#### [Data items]
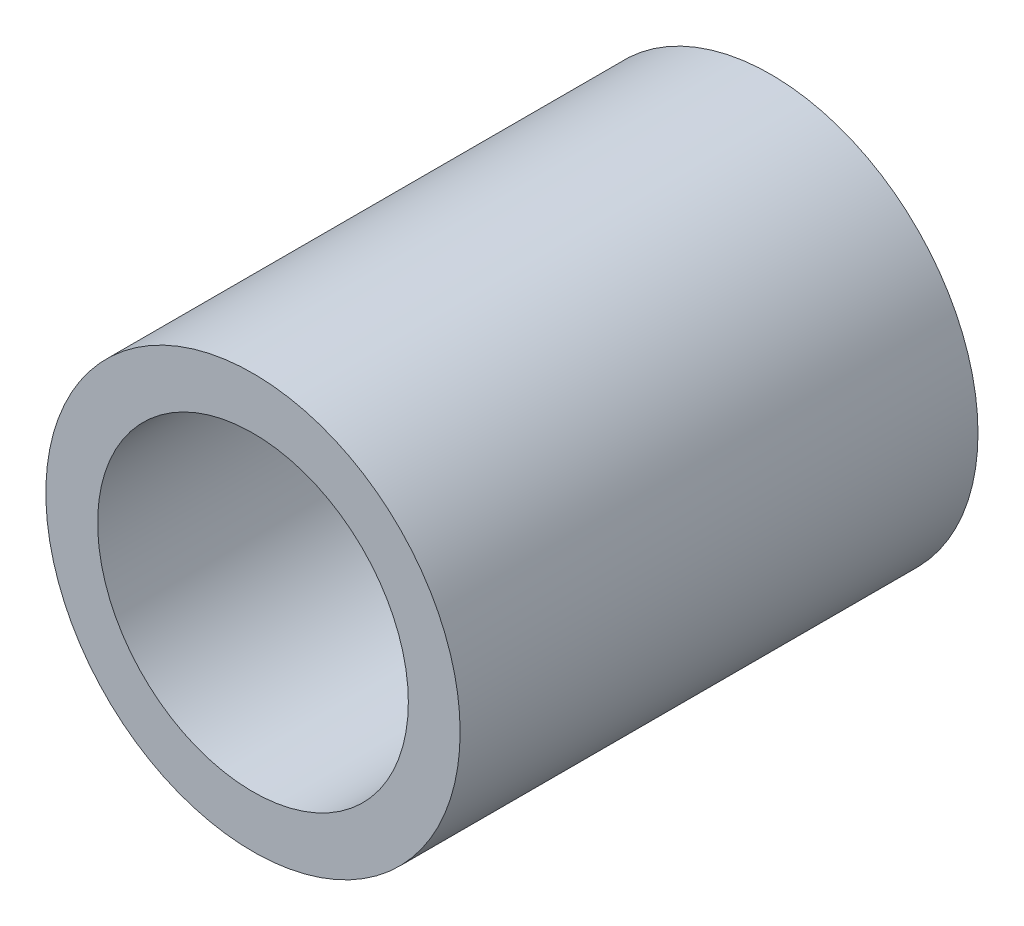
SolidWorks part; units mm, degrees
ref_plane "Płaszczyzna przednia" through (0, 0, 0) normal (0, 0, 1) x (1, 0, 0)
ref_plane "Płaszczyzna górna" through (0, 0, 0) normal (0, 1, 0) x (1, 0, 0)
ref_plane "Płaszczyzna prawa" through (0, 0, 0) normal (1, 0, 0) x (0, 0, -1)
sketch "Sketch1" plane through (0, 0, 0) normal (0, 0, 1) x (1, 0, 0)
  circle A0 centre (0, 0) radius 6
  circle A1 centre (0, 0) radius 8
  dimension "D1" = 12
  dimension "D2" = 2
extrude "Boss-Extrude1" add sketch "Sketch1" along normal blind 20

#### [EXERCISE REQUIREMENTS]
Scan the data above for the word "circle", then copy every line that holds it.

#### [RESPONSE]
  circle A0 centre (0, 0) radius 6
  circle A1 centre (0, 0) radius 8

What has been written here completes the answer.